### Goal of the exercise:
Of all the lines in the records below, copy only those that contain the string "Multidimensional".

[Extracted records]
__________

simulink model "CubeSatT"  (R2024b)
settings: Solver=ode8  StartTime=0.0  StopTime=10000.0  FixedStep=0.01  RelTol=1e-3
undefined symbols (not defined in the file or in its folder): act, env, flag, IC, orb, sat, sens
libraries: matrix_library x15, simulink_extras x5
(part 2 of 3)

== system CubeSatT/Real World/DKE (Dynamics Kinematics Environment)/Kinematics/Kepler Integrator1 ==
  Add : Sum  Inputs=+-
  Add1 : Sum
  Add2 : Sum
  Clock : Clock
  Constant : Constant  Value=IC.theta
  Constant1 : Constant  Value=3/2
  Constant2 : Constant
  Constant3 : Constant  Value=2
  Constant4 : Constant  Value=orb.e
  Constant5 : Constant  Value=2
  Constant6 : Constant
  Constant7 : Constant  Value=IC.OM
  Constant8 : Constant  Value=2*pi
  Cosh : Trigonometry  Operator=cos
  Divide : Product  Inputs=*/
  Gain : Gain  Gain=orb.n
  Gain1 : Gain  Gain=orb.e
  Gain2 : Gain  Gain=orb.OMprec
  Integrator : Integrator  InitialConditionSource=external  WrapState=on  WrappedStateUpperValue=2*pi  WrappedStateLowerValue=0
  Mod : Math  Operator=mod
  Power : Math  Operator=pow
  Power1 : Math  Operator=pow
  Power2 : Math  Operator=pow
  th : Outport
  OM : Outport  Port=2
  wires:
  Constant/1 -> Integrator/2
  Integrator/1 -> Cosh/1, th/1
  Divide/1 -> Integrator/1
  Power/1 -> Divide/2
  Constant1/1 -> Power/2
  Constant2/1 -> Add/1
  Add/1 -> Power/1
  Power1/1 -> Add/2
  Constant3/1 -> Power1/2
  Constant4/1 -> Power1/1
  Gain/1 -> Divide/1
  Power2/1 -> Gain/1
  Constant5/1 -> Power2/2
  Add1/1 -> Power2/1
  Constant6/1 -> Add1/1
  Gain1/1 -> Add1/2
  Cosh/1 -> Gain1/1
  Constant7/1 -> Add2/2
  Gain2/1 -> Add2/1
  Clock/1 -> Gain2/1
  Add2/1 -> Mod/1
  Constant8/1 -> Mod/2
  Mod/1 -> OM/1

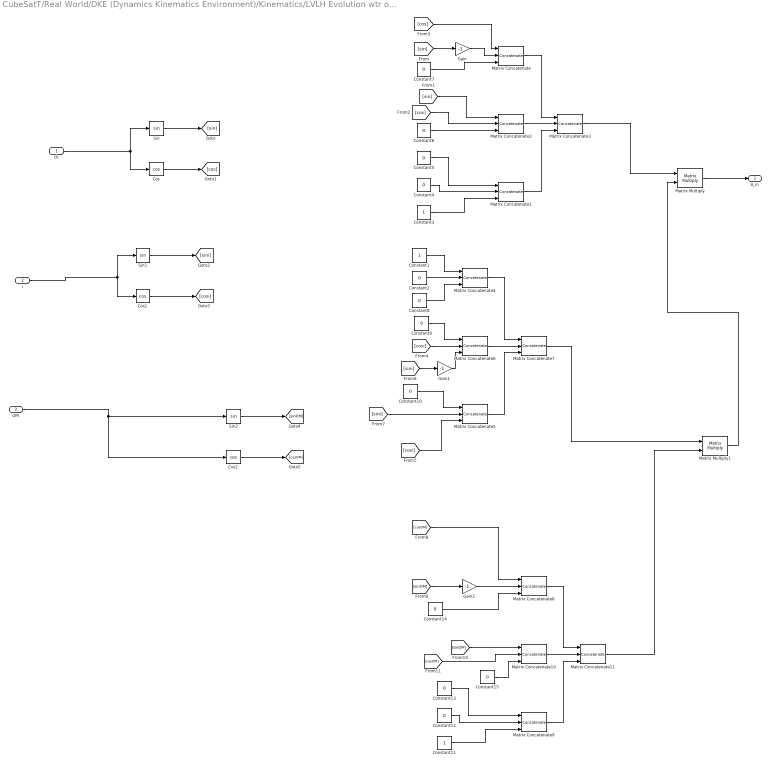
== system CubeSatT/Real World/DKE (Dynamics Kinematics Environment)/Kinematics/LVLH Evolution wtr of Earth ==
  th : Inport
  i : Inport  Port=2
  OM : Inport  Port=3
  Constant1 : Constant
  Constant{2,4..10,12..15} (12 alike) : Constant  Value=0
  Constant11 : Constant
  Constant3 : Constant
  Cos : Trigonometry  Operator=cos
  Cos1 : Trigonometry  Operator=cos
  Cos2 : Trigonometry  Operator=cos
  Gain : Gain  Gain=-1
  Gain1 : Gain  Gain=-1
  Gain2 : Gain  Gain=-1
  Matrix Concatenate{,1..2,4..6,8..10} (9 alike) : Concatenate  NumInputs=3  Mode=Multidimensional array
  Matrix Concatenate11 : Concatenate  NumInputs=3  Mode=Multidimensional array  ConcatenateDimension=2
  Matrix Concatenate3 : Concatenate  NumInputs=3  Mode=Multidimensional array  ConcatenateDimension=2
  Matrix Concatenate7 : Concatenate  NumInputs=3  Mode=Multidimensional array  ConcatenateDimension=2
  Matrix Multiply : Product  Multiplication=Matrix(*)
  Matrix Multiply1 : Product  Multiplication=Matrix(*)
  Sin : Trigonometry
  Sin1 : Trigonometry
  Sin2 : Trigonometry
  A_ln : Outport
  wires:
  Cos/1 -> [cos]
  Matrix Concatenate1/1 -> Matrix Concatenate3/3
  th/1 -> Cos/1, Sin/1
  Matrix Concatenate/1 -> Matrix Concatenate3/1
  Constant5/1 -> Matrix Concatenate1/1
  Constant3/1 -> Matrix Concatenate1/3
  [cos] -> Matrix Concatenate/1
  Sin/1 -> [sin]
  Constant6/1 -> Matrix Concatenate2/3
  Constant7/1 -> Matrix Concatenate/3
  Constant4/1 -> Matrix Concatenate1/2
  Matrix Concatenate2/1 -> Matrix Concatenate3/2
  [cos] -> Matrix Concatenate2/2
  [sin] -> Matrix Concatenate2/1
  Gain/1 -> Matrix Concatenate/2
  [sin] -> Gain/1
  Cos1/1 -> [cosi]
  Sin1/1 -> [sini]
  i/1 -> Cos1/1, Sin1/1
  Matrix Multiply/1 -> A_ln/1
  Matrix Concatenate3/1 -> Matrix Multiply/1
  Matrix Concatenate6/1 -> Matrix Concatenate7/2
  Matrix Concatenate5/1 -> Matrix Concatenate7/3
  Matrix Concatenate4/1 -> Matrix Concatenate7/1
  Constant1/1 -> Matrix Concatenate4/1
  Constant2/1 -> Matrix Concatenate4/2
  Constant8/1 -> Matrix Concatenate4/3
  Constant9/1 -> Matrix Concatenate6/1
  Constant10/1 -> Matrix Concatenate5/1
  [cosi] -> Matrix Concatenate5/3
  [cosi] -> Matrix Concatenate6/2
  [sini] -> Matrix Concatenate5/2
  [sini] -> Gain1/1
  Gain1/1 -> Matrix Concatenate6/3
  Matrix Multiply1/1 -> Matrix Multiply/2
  Matrix Concatenate7/1 -> Matrix Multiply1/1
  OM/1 -> Cos2/1, Sin2/1
  Cos2/1 -> [cosOM]
  Sin2/1 -> [sinOM]
  Matrix Concatenate10/1 -> Matrix Concatenate11/2
  Matrix Concatenate9/1 -> Matrix Concatenate11/3
  Matrix Concatenate8/1 -> Matrix Concatenate11/1
  Matrix Concatenate11/1 -> Matrix Multiply1/2
  Constant13/1 -> Matrix Concatenate9/1
  Constant11/1 -> Matrix Concatenate9/3
  Constant12/1 -> Matrix Concatenate9/2
  Gain2/1 -> Matrix Concatenate8/2
  Constant14/1 -> Matrix Concatenate8/3
  [cosOM] -> Matrix Concatenate8/1
  [sinOM] -> Gain2/1
  [sinOM] -> Matrix Concatenate10/1
  [cosOM] -> Matrix Concatenate10/2
  Constant15/1 -> Matrix Concatenate10/3

== system CubeSatT/Real World/DKE (Dynamics Kinematics Environment)/Kinematics/SpaceCraft position wrt ECI ==
  th : Inport
  OM : Inport  Port=2
  Add : Sum
  Add1 : Sum  Inputs=+-
  Constant{1,7..10,12..15} (9 alike) : Constant  Value=0
  Constant{2..3,11,16} (4 alike) : Constant
  Constant4 : Constant  Value=2
  Constant5 : Constant  Value=orb.e
  Constant6 : Constant  Value=orb.i
  Cos{1..4} (4 alike) : Trigonometry  Operator=cos
  Divide : Product  Inputs=*/
  Gain : Gain  Gain=orb.e
  Gain1 : Gain  Gain=orb.a
  Gain2 : Gain  Gain=-1
  Gain3 : Gain  Gain=-1
  Matrix Concatenate{,4..6,8..10} (7 alike) : Concatenate  NumInputs=3  Mode=Multidimensional array
  Matrix Concatenate11 : Concatenate  NumInputs=3  Mode=Multidimensional array  ConcatenateDimension=2
  Matrix Concatenate7 : Concatenate  NumInputs=3  Mode=Multidimensional array  ConcatenateDimension=2
  Matrix Multiply : Product  Multiplication=Matrix(*)
  Matrix Multiply1 : Product  Multiplication=Matrix(*)
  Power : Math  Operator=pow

__________

### The answer:
  Matrix Concatenate{,1..2,4..6,8..10} (9 alike) : Concatenate  NumInputs=3  Mode=Multidimensional array
  Matrix Concatenate11 : Concatenate  NumInputs=3  Mode=Multidimensional array  ConcatenateDimension=2
  Matrix Concatenate3 : Concatenate  NumInputs=3  Mode=Multidimensional array  ConcatenateDimension=2
  Matrix Concatenate7 : Concatenate  NumInputs=3  Mode=Multidimensional array  ConcatenateDimension=2
  Matrix Concatenate{,4..6,8..10} (7 alike) : Concatenate  NumInputs=3  Mode=Multidimensional array
  Matrix Concatenate11 : Concatenate  NumInputs=3  Mode=Multidimensional array  ConcatenateDimension=2
  Matrix Concatenate7 : Concatenate  NumInputs=3  Mode=Multidimensional array  ConcatenateDimension=2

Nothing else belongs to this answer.